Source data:
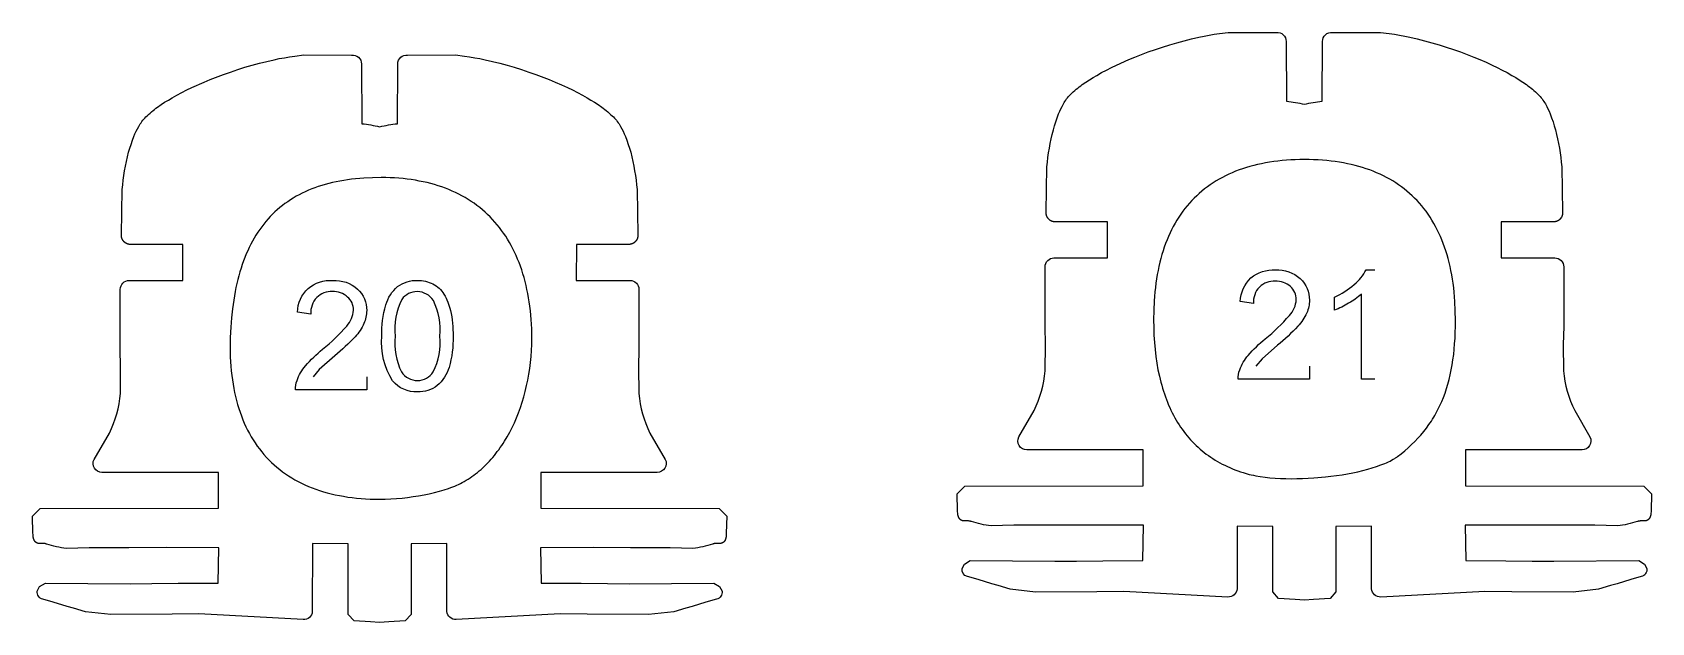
# Model space of a CAD drawing. Extents: x -344 to 77, y -230 to 818.
# Drawn here: x -92.8 to 55.2, y -78.3 to -24.4 of the extents above; entities that cross this region are included whole.
import ezdxf

# ---------------------------------------------------------------- set-up
doc = ezdxf.new("R2010")
doc.units = 0
doc.layers.add('LAYER_1', color=18, linetype='CONTINUOUS')
doc.layers.add('LETTERS', color=1, linetype='CONTINUOUS')

msp = doc.modelspace()

# ---------------------------------------------------------------- linework, layer by layer
at = {"layer": 'LAYER_1'}
for points in [[(23.47, -30.98, -0.041509), (25.09, -30.7), (25.13, -25.23, -0.444277), (26.03, -24.42), (30.41, -24.41), (30.42, -24.41), (31.23, -24.51), (31.7, -24.58), (32.17, -24.66), (32.64, -24.75), (33.11, -24.85), (33.78, -25.01), (34.45, -25.17), (35.12, -25.35), (35.78, -25.54), (36.44, -25.75), (37.09, -25.97), (37.74, -26.2), (38.96, -26.66), (39.52, -26.9), (40.08, -27.14), (40.64, -27.4), (41.1, -27.62), (41.55, -27.85), (42, -28.09), (42.45, -28.34), (42.79, -28.53), (43.12, -28.74), (43.45, -28.96), (43.77, -29.18), (43.91, -29.28), (44.05, -29.39), (44.19, -29.5), (44.32, -29.61), (44.46, -29.72), (44.59, -29.84), (44.72, -29.96), (44.84, -30.08), (44.94, -30.18), (45.03, -30.28), (45.11, -30.39), (45.2, -30.49), (45.28, -30.6), (45.35, -30.72), (45.43, -30.83), (45.5, -30.95), (45.62, -31.17), (45.73, -31.39), (45.84, -31.62), (45.93, -31.85), (46.07, -32.21), (46.2, -32.58), (46.31, -32.95), (46.42, -33.32), (46.52, -33.73), (46.62, -34.15), (46.7, -34.57), (46.78, -35), (46.85, -35.42), (46.91, -35.85), (46.96, -36.28), (47, -36.7), (47.07, -40.84), (47.07, -40.86), (47.07, -40.88), (47.07, -40.91), (47.07, -40.93), (47.07, -40.95), (47.07, -40.97), (47.07, -40.99), (47.07, -41.01), (47.06, -41.03), (47.06, -41.05), (47.06, -41.07), (47.05, -41.09), (47.05, -41.11), (47.04, -41.13), (47.03, -41.15), (47.03, -41.17), (47.02, -41.19), (47.01, -41.21), (47, -41.23), (47, -41.25), (46.99, -41.27), (46.98, -41.29), (46.97, -41.31), (46.96, -41.33), (46.95, -41.34), (46.93, -41.36), (46.92, -41.38), (46.91, -41.4), (46.9, -41.41), (46.88, -41.43), (46.87, -41.45), (46.86, -41.46), (46.84, -41.48), (46.83, -41.49), (46.81, -41.51), (46.8, -41.52), (46.78, -41.54), (46.76, -41.55), (46.75, -41.56), (46.73, -41.57), (46.71, -41.59), (46.69, -41.6), (46.68, -41.61), (46.66, -41.62), (46.64, -41.63), (46.62, -41.64), (46.6, -41.65), (46.58, -41.66), (46.56, -41.66), (46.54, -41.67), (46.52, -41.68), (46.5, -41.69), (46.48, -41.69), (46.46, -41.7), (46.44, -41.7), (46.42, -41.71), (46.4, -41.71), (46.38, -41.72), (46.36, -41.72), (46.34, -41.72), (46.32, -41.72), (46.3, -41.72), (46.28, -41.73), (41.61, -41.72), (41.52, -41.72), (41.49, -41.73), (41.48, -41.73), (41.47, -41.73), (41.45, -45.01), (46.36, -45.02, -0.414297), (47.18, -45.83), (47.18, -51.27), (47.14, -52.94), (47.15, -55.35, 0.088487), (48.18, -58.96), (49.58, -61.37, -0.561463), (48.85, -62.56), (38.19, -62.56), (38.19, -65.83), (54.5, -65.88), (55.21, -66.57), (55.16, -68.12), (55.16, -68.22), (55.15, -68.33), (55.15, -68.38), (55.14, -68.43), (55.13, -68.48), (55.13, -68.51), (55.13, -68.53), (55.12, -68.56), (55.11, -68.58), (55.11, -68.61), (55.1, -68.63), (55.09, -68.65), (55.08, -68.68), (55.08, -68.7), (55.07, -68.72), (55.06, -68.73), (55.06, -68.75), (55.05, -68.76), (55.04, -68.77), (55.04, -68.78), (55.03, -68.79), (55.03, -68.8), (55.02, -68.81), (55.01, -68.82), (55.01, -68.83), (55, -68.84), (54.99, -68.85), (54.98, -68.86), (54.97, -68.87), (54.97, -68.88), (54.96, -68.89), (54.94, -68.9), (54.93, -68.91), (54.92, -68.93), (54.9, -68.94), (54.9, -68.94), (54.89, -68.95), (54.88, -68.95), (54.88, -68.96), (54.87, -68.96), (54.86, -68.97), (54.86, -68.97), (54.85, -68.98), (54.83, -68.98), (54.82, -68.99), (54.81, -69), (54.79, -69.01), (54.78, -69.01), (54.76, -69.02), (54.75, -69.02), (54.73, -69.03), (54.72, -69.03), (54.7, -69.03), (54.68, -69.04), (54.67, -69.04), (54.65, -69.04), (54.64, -69.05), (54.62, -69.05), (54.61, -69.05), (54.57, -69.05), (54.54, -69.05), (54.51, -69.05), (54.27, -69.05), (54.23, -69.05), (54.2, -69.05), (54.16, -69.05), (54.13, -69.06), (54.09, -69.06), (54.07, -69.06), (54.06, -69.07), (54.04, -69.07), (54.02, -69.07), (54, -69.08), (53.98, -69.08), (53.97, -69.09), (53.95, -69.09), (53.93, -69.1), (53.91, -69.1, -0.054655), (52.1, -69.5), (50.03, -69.45), (46.41, -69.44), (42.99, -69.43), (38.17, -69.44), (38.24, -72.68), (41.9, -72.69), (44.29, -72.72), (46.27, -72.74), (54.03, -72.68), (54.55, -73), (54.77, -73.4, -0.399544), (54.27, -74.14), (53.3, -74.4), (52.05, -74.8), (51.46, -74.96), (50.37, -75.29), (48.04, -75.55), (42.43, -75.52), (39.98, -75.5), (30.46, -76.01, -0.398265), (29.62, -75.26), (29.61, -69.53), (26.35, -69.55), (26.35, -75.53), (25.82, -76.13), (24.31, -76.22), (23.47, -76.28), (22.63, -76.22), (21.12, -76.13), (20.59, -75.53), (20.59, -69.55), (17.33, -69.53), (17.32, -75.26, -0.398267), (16.48, -76.01), (6.96, -75.5), (4.51, -75.52), (-1.1, -75.55), (-3.42, -75.29), (-4.52, -74.96), (-5.11, -74.8), (-6.36, -74.4), (-7.33, -74.14, -0.400133), (-7.82, -73.4), (-7.61, -73), (-7.08, -72.68), (0.67, -72.74), (2.65, -72.72), (5.05, -72.69), (8.7, -72.68), (8.77, -69.44), (3.95, -69.43), (0.53, -69.44), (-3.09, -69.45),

ACTIVITY:
Each entry above is to be written out exactly. The pictures stay out.

ANSWER TO THIS EXERCISE:
# Model space of a CAD drawing. Extents: x -344 to 77, y -230 to 818.
# Drawn here: x -92.8 to 55.2, y -78.3 to -24.4 of the extents above; entities that cross this region are included whole.
import ezdxf

# ---------------------------------------------------------------- set-up
doc = ezdxf.new("R2010")
doc.units = 0
doc.layers.add('LAYER_1', color=18, linetype='CONTINUOUS')
doc.layers.add('LETTERS', color=1, linetype='CONTINUOUS')

msp = doc.modelspace()

# ---------------------------------------------------------------- linework, layer by layer
at = {"layer": 'LAYER_1'}
for points in [[(23.47, -30.98, -0.041509), (25.09, -30.7), (25.13, -25.23, -0.444277), (26.03, -24.42), (30.41, -24.41), (30.42, -24.41), (31.23, -24.51), (31.7, -24.58), (32.17, -24.66), (32.64, -24.75), (33.11, -24.85), (33.78, -25.01), (34.45, -25.17), (35.12, -25.35), (35.78, -25.54), (36.44, -25.75), (37.09, -25.97), (37.74, -26.2), (38.96, -26.66), (39.52, -26.9), (40.08, -27.14), (40.64, -27.4), (41.1, -27.62), (41.55, -27.85), (42, -28.09), (42.45, -28.34), (42.79, -28.53), (43.12, -28.74), (43.45, -28.96), (43.77, -29.18), (43.91, -29.28), (44.05, -29.39), (44.19, -29.5), (44.32, -29.61), (44.46, -29.72), (44.59, -29.84), (44.72, -29.96), (44.84, -30.08), (44.94, -30.18), (45.03, -30.28), (45.11, -30.39), (45.2, -30.49), (45.28, -30.6), (45.35, -30.72), (45.43, -30.83), (45.5, -30.95), (45.62, -31.17), (45.73, -31.39), (45.84, -31.62), (45.93, -31.85), (46.07, -32.21), (46.2, -32.58), (46.31, -32.95), (46.42, -33.32), (46.52, -33.73), (46.62, -34.15), (46.7, -34.57), (46.78, -35), (46.85, -35.42), (46.91, -35.85), (46.96, -36.28), (47, -36.7), (47.07, -40.84), (47.07, -40.86), (47.07, -40.88), (47.07, -40.91), (47.07, -40.93), (47.07, -40.95), (47.07, -40.97), (47.07, -40.99), (47.07, -41.01), (47.06, -41.03), (47.06, -41.05), (47.06, -41.07), (47.05, -41.09), (47.05, -41.11), (47.04, -41.13), (47.03, -41.15), (47.03, -41.17), (47.02, -41.19), (47.01, -41.21), (47, -41.23), (47, -41.25), (46.99, -41.27), (46.98, -41.29), (46.97, -41.31), (46.96, -41.33), (46.95, -41.34), (46.93, -41.36), (46.92, -41.38), (46.91, -41.4), (46.9, -41.41), (46.88, -41.43), (46.87, -41.45), (46.86, -41.46), (46.84, -41.48), (46.83, -41.49), (46.81, -41.51), (46.8, -41.52), (46.78, -41.54), (46.76, -41.55), (46.75, -41.56), (46.73, -41.57), (46.71, -41.59), (46.69, -41.6), (46.68, -41.61), (46.66, -41.62), (46.64, -41.63), (46.62, -41.64), (46.6, -41.65), (46.58, -41.66), (46.56, -41.66), (46.54, -41.67), (46.52, -41.68), (46.5, -41.69), (46.48, -41.69), (46.46, -41.7), (46.44, -41.7), (46.42, -41.71), (46.4, -41.71), (46.38, -41.72), (46.36, -41.72), (46.34, -41.72), (46.32, -41.72), (46.3, -41.72), (46.28, -41.73), (41.61, -41.72), (41.52, -41.72), (41.49, -41.73), (41.48, -41.73), (41.47, -41.73), (41.45, -45.01), (46.36, -45.02, -0.414297), (47.18, -45.83), (47.18, -51.27), (47.14, -52.94), (47.15, -55.35, 0.088487), (48.18, -58.96), (49.58, -61.37, -0.561463), (48.85, -62.56), (38.19, -62.56), (38.19, -65.83), (54.5, -65.88), (55.21, -66.57), (55.16, -68.12), (55.16, -68.22), (55.15, -68.33), (55.15, -68.38), (55.14, -68.43), (55.13, -68.48), (55.13, -68.51), (55.13, -68.53), (55.12, -68.56), (55.11, -68.58), (55.11, -68.61), (55.1, -68.63), (55.09, -68.65), (55.08, -68.68), (55.08, -68.7), (55.07, -68.72), (55.06, -68.73), (55.06, -68.75), (55.05, -68.76), (55.04, -68.77), (55.04, -68.78), (55.03, -68.79), (55.03, -68.8), (55.02, -68.81), (55.01, -68.82), (55.01, -68.83), (55, -68.84), (54.99, -68.85), (54.98, -68.86), (54.97, -68.87), (54.97, -68.88), (54.96, -68.89), (54.94, -68.9), (54.93, -68.91), (54.92, -68.93), (54.9, -68.94), (54.9, -68.94), (54.89, -68.95), (54.88, -68.95), (54.88, -68.96), (54.87, -68.96), (54.86, -68.97), (54.86, -68.97), (54.85, -68.98), (54.83, -68.98), (54.82, -68.99), (54.81, -69), (54.79, -69.01), (54.78, -69.01), (54.76, -69.02), (54.75, -69.02), (54.73, -69.03), (54.72, -69.03), (54.7, -69.03), (54.68, -69.04), (54.67, -69.04), (54.65, -69.04), (54.64, -69.05), (54.62, -69.05), (54.61, -69.05), (54.57, -69.05), (54.54, -69.05), (54.51, -69.05), (54.27, -69.05), (54.23, -69.05), (54.2, -69.05), (54.16, -69.05), (54.13, -69.06), (54.09, -69.06), (54.07, -69.06), (54.06, -69.07), (54.04, -69.07), (54.02, -69.07), (54, -69.08), (53.98, -69.08), (53.97, -69.09), (53.95, -69.09), (53.93, -69.1), (53.91, -69.1, -0.054655), (52.1, -69.5), (50.03, -69.45), (46.41, -69.44), (42.99, -69.43), (38.17, -69.44), (38.24, -72.68), (41.9, -72.69), (44.29, -72.72), (46.27, -72.74), (54.03, -72.68), (54.55, -73), (54.77, -73.4, -0.399544), (54.27, -74.14), (53.3, -74.4), (52.05, -74.8), (51.46, -74.96), (50.37, -75.29), (48.04, -75.55), (42.43, -75.52), (39.98, -75.5), (30.46, -76.01, -0.398265), (29.62, -75.26), (29.61, -69.53), (26.35, -69.55), (26.35, -75.53), (25.82, -76.13), (24.31, -76.22), (23.47, -76.28), (22.63, -76.22), (21.12, -76.13), (20.59, -75.53), (20.59, -69.55), (17.33, -69.53), (17.32, -75.26, -0.398267), (16.48, -76.01), (6.96, -75.5), (4.51, -75.52), (-1.1, -75.55), (-3.42, -75.29), (-4.52, -74.96), (-5.11, -74.8), (-6.36, -74.4), (-7.33, -74.14, -0.400133), (-7.82, -73.4), (-7.61, -73), (-7.08, -72.68), (0.67, -72.74), (2.65, -72.72), (5.05, -72.69), (8.7, -72.68), (8.77, -69.44), (3.95, -69.43), (0.53, -69.44), (-3.09, -69.45),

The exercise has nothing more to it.